- **YOUR TASK**: Please restate, word for word, the lines below that begin at the one with "A CAD part, left-side" and end at the one with "Its self-contained STEP". Leave out all other lines.

Saved data entries:
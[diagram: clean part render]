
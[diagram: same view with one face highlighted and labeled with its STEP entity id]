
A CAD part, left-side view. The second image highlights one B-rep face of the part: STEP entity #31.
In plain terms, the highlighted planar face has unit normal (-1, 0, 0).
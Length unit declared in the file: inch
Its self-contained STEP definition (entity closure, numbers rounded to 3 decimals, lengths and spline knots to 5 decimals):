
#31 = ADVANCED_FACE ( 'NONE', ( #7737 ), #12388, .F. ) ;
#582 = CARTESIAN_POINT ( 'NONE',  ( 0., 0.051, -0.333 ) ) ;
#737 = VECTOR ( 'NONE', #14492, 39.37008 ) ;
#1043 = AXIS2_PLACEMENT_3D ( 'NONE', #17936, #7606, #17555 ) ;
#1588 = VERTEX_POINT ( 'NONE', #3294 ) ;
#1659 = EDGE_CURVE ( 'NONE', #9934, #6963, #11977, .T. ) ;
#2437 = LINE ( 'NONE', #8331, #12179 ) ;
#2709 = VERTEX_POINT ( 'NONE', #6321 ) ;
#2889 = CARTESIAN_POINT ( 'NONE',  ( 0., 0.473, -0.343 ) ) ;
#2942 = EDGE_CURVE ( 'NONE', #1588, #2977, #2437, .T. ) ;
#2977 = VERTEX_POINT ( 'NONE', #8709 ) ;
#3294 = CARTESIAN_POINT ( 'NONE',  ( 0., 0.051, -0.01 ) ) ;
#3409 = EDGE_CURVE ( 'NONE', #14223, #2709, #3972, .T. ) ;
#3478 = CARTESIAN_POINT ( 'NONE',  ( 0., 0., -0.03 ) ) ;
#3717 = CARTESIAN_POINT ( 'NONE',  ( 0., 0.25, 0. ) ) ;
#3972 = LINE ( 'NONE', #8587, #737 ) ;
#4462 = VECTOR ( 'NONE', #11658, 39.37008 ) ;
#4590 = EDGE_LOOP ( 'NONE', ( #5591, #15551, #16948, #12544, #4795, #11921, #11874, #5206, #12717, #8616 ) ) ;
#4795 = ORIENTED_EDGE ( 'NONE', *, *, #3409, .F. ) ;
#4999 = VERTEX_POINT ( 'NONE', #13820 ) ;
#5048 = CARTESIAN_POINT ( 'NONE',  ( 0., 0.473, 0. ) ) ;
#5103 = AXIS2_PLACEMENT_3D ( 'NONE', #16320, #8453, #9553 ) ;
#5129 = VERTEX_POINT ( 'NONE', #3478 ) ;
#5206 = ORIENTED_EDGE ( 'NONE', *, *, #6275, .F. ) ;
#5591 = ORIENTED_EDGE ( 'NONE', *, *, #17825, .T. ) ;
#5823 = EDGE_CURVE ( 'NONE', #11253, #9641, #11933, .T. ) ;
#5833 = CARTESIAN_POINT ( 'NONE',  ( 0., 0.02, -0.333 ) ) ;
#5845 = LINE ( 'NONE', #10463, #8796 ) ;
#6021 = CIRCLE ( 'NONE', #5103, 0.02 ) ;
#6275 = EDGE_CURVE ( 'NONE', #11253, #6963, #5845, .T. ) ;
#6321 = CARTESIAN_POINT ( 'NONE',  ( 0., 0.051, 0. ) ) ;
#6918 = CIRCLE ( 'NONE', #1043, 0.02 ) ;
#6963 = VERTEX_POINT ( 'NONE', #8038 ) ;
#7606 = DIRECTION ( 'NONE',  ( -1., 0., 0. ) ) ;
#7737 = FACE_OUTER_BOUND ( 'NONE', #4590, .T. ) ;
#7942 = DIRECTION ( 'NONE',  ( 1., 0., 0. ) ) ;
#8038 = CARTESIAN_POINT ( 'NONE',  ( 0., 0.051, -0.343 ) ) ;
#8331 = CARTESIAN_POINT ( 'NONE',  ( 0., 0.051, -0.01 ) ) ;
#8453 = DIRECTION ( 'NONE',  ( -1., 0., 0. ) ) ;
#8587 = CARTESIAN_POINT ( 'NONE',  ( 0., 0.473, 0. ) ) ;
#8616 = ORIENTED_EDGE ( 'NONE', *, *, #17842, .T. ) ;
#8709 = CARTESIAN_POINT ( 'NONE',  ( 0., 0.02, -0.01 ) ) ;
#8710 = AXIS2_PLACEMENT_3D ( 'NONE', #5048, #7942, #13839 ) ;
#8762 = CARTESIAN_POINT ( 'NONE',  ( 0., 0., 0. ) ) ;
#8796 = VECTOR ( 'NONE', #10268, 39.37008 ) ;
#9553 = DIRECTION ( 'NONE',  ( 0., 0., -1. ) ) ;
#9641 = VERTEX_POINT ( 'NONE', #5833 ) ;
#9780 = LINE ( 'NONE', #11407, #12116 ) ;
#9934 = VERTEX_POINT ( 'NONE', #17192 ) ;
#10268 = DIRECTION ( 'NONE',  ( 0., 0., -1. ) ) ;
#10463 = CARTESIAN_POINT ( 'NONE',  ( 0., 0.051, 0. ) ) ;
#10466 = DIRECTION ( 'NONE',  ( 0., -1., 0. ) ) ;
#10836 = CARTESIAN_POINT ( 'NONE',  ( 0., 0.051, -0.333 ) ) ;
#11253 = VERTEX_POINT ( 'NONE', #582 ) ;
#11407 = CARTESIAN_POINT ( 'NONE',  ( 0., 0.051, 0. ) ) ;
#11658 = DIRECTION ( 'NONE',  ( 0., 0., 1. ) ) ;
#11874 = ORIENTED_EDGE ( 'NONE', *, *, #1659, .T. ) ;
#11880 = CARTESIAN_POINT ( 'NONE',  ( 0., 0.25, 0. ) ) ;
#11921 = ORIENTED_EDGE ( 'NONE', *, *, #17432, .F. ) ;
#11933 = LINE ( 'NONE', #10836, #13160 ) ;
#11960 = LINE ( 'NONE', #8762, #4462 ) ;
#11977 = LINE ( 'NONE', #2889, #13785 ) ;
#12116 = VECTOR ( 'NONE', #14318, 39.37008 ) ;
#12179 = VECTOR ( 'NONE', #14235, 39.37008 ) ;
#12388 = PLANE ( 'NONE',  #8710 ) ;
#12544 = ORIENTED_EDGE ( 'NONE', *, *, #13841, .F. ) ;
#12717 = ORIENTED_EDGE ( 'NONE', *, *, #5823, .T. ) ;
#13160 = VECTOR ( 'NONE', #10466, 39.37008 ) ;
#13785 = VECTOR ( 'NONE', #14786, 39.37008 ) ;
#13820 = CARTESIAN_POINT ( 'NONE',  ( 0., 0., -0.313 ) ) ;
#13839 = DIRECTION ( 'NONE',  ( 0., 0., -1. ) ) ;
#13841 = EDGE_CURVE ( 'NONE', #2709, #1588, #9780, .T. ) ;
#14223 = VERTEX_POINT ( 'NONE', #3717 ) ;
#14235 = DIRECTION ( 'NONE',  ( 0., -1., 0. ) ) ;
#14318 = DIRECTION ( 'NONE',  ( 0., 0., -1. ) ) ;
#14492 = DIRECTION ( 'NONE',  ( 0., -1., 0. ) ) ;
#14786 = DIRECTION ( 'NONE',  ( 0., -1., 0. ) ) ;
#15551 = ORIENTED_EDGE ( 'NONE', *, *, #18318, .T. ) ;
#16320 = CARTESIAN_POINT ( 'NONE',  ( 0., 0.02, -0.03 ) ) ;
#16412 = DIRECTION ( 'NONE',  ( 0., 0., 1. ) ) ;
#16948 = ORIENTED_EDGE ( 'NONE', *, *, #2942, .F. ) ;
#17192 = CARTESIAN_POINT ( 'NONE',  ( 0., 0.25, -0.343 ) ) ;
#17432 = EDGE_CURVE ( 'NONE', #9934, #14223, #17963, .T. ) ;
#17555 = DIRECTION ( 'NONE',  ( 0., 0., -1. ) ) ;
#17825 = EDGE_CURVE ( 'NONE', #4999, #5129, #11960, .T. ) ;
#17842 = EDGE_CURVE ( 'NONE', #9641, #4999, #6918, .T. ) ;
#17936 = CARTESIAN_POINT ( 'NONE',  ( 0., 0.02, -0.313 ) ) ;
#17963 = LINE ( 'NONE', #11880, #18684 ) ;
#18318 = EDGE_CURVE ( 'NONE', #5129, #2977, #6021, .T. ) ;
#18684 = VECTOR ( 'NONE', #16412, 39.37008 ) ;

- **SOLUTION TO THE EXERCISE**:
A CAD part, left-side view. The second image highlights one B-rep face of the part: STEP entity #31.
In plain terms, the highlighted planar face has unit normal (-1, 0, 0).
Length unit declared in the file: inch
Its self-contained STEP definition (entity closure, numbers rounded to 3 decimals, lengths and spline knots to 5 decimals):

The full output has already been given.